Because of the big blow at Lake Erie we decided to go south from Columbus to the Ohio River for the first time ever! Took 23 to Portsmouth. Couldn't find the boat ramp. I asked someone and they said to follow them, and they led us right to the ramp! Folks at the ramp gave tips about where to fish and what to look for. When pulling out others asked how we did and told us how we could have done better. Good time and nice people in and around Portsmouth. Great fun exploring the river, and yes, a couple of catfish . . . small ones. Thanks everyone!


----------



## Daveo76 (Apr 14, 2004)

Glad you had a good time on your first trip.
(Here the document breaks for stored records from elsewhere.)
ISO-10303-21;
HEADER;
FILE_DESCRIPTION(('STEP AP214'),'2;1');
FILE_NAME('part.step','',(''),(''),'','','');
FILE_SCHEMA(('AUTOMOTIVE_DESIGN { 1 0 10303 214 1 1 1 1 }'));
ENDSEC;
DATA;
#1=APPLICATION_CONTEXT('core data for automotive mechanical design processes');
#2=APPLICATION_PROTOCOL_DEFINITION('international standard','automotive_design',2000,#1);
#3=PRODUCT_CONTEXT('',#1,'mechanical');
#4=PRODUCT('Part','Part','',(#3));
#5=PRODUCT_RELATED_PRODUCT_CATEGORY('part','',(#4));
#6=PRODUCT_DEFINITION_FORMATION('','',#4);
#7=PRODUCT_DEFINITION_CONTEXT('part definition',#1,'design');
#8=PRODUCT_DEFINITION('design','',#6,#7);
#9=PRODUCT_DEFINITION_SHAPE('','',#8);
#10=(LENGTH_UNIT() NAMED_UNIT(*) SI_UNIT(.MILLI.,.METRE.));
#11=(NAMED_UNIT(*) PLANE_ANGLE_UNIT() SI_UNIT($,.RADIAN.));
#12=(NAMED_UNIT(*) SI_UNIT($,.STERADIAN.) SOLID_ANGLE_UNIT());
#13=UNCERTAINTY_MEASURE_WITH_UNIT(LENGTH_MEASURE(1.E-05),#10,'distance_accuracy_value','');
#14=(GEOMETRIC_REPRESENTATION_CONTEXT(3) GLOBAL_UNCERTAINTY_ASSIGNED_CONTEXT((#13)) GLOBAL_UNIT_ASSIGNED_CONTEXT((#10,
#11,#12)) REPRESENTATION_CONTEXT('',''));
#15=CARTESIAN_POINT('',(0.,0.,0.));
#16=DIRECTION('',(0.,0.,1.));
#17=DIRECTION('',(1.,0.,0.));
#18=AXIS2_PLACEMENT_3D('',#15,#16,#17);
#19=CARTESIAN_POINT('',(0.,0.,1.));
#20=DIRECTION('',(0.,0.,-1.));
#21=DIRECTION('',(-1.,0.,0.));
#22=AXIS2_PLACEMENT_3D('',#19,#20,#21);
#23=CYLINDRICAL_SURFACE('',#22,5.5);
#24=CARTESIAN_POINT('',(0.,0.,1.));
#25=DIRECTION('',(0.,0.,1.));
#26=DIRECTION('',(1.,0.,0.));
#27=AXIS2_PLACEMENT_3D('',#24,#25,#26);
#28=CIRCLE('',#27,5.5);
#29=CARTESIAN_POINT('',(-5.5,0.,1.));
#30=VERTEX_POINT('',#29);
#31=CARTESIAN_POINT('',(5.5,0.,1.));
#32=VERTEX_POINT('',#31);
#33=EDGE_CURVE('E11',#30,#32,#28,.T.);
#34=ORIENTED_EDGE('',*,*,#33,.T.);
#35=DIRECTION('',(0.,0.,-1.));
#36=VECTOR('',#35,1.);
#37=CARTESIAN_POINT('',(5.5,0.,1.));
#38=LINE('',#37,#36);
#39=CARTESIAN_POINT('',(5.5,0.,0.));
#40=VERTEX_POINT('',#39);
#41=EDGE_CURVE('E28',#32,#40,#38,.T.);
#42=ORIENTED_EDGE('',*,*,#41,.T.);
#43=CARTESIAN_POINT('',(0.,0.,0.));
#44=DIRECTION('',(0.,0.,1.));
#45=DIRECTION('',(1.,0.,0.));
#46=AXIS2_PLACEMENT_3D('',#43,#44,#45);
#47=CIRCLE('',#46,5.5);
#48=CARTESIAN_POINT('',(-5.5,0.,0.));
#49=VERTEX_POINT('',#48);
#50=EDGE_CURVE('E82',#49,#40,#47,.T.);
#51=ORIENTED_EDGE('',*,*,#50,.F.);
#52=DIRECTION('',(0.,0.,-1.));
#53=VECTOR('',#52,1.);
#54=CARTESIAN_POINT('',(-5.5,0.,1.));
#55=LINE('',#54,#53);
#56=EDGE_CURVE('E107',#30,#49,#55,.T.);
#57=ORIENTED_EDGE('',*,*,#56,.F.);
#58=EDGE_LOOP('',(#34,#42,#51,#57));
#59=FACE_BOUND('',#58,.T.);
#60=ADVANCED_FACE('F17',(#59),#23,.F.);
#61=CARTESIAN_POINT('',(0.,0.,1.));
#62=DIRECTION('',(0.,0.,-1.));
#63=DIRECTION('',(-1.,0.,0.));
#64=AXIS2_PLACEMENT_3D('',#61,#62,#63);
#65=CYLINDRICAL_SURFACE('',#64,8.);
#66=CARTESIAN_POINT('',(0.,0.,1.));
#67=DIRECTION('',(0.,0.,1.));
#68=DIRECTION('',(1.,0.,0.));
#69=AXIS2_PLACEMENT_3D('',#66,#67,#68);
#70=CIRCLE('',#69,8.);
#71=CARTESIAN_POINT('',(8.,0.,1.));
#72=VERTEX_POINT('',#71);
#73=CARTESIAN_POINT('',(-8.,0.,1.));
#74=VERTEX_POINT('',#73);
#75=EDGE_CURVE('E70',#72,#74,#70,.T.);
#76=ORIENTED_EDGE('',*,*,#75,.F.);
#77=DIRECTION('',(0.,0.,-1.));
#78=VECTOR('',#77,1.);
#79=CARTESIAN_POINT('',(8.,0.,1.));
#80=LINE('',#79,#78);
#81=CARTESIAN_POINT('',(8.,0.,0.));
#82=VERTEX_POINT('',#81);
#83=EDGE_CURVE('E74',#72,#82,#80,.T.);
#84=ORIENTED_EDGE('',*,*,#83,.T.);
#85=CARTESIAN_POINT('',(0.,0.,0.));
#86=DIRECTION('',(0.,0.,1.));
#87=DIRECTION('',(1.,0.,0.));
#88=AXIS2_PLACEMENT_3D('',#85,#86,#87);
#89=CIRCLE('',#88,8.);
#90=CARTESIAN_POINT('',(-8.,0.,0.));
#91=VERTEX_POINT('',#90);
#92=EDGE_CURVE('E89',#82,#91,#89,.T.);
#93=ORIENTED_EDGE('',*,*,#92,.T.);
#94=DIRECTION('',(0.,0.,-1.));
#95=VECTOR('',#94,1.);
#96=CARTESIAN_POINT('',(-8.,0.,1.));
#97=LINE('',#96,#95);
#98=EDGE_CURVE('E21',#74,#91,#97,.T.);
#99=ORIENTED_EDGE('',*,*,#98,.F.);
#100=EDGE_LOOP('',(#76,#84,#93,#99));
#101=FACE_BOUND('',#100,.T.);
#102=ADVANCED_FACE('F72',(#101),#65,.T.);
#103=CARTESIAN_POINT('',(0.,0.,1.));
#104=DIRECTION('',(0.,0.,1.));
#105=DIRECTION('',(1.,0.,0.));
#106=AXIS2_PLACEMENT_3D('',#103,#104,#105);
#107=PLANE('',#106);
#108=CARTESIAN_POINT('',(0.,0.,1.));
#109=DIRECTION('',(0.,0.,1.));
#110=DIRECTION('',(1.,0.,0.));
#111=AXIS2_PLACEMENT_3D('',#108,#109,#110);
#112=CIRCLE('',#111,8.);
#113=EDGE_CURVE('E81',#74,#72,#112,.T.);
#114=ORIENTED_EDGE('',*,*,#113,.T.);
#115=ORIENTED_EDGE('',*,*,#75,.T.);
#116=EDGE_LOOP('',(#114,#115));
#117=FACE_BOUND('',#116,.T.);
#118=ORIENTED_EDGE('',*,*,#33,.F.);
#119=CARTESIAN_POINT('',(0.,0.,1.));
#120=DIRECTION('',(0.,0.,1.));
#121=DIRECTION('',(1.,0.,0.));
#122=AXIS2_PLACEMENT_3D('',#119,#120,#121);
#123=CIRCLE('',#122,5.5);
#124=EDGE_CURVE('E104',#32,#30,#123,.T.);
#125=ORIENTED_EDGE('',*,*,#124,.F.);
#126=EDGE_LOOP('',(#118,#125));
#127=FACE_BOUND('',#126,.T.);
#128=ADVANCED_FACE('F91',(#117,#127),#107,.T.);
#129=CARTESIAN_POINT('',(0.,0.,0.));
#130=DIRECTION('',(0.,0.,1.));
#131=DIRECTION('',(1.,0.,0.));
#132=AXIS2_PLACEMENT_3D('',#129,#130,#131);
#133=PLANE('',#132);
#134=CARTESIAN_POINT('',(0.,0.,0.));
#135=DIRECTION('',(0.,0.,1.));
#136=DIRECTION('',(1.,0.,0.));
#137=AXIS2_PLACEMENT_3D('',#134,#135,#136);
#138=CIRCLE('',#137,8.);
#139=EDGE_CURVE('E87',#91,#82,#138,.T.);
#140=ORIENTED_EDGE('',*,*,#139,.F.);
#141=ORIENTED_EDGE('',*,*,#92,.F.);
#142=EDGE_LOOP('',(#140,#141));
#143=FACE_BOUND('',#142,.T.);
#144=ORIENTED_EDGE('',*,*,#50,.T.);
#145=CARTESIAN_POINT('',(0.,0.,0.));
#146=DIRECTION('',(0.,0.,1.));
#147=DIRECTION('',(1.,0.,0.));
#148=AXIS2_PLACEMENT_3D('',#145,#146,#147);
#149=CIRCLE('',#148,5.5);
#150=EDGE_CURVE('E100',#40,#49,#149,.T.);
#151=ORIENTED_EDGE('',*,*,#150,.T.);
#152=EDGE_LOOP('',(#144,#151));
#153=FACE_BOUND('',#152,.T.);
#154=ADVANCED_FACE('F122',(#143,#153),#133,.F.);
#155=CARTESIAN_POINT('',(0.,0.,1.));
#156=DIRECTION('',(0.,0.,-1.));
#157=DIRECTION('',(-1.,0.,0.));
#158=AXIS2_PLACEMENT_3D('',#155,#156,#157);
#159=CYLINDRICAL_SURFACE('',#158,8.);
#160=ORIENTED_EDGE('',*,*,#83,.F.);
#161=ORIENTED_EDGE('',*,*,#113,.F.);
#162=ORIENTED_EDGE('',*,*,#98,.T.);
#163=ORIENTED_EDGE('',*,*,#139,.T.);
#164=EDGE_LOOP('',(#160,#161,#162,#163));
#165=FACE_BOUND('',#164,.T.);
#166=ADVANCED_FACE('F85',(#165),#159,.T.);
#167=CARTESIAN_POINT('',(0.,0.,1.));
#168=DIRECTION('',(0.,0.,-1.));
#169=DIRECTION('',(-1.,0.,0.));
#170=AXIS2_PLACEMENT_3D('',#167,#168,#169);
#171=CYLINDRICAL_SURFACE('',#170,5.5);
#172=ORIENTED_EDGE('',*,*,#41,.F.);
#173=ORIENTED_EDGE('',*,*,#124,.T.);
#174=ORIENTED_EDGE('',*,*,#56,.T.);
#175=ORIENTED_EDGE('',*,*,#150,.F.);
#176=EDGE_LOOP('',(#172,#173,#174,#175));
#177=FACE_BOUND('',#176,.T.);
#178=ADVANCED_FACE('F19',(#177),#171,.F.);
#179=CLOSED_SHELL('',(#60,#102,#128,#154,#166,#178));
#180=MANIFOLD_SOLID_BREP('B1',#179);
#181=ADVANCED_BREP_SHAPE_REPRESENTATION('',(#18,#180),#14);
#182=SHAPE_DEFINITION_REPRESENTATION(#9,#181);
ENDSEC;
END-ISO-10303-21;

Most folks down this way are willing to help. River Days festival was going on this weekend and there were probably a lot more people around the river than usual. Just check the Ohio River page when you want to come down again and pm one of us and we can let you know whats going on. It will only get better from now on.....


----------



## Buzzi (Jun 14, 2004)

Thanks! I'll do that!


----------



## BIOMEDMAN (Jul 28, 2010)

I've found that there are alot of fish in the Ohio river, but people don't seem to fish it much... Good luck


----------



## Gottagofishn (Nov 18, 2009)

Buzzi,
I usually head down when the water temp hits the high 50's. That is usually in Oct. sometime. You will find everything hungry and willing to bite. They will begin to school up then and sometimes the fishing will be flat out spectacular. It is so good it becomes a tough decision weather to go to Erie or the river....In addition to that the fall colors will be in effect and make for a truly memorable trip.......make sure you have a camera....
In the past fishing has remained good as long as I have made the trips down. I think the latest I have been down was into December but I'm sure it probably remains good all winter.
Good luck!


----------



## vinnystatechamp (Jun 20, 2006)

sauger start hitting pretty well when it gets really cold like late november and december. basically whenever the weather cooperates and cools off the water


----------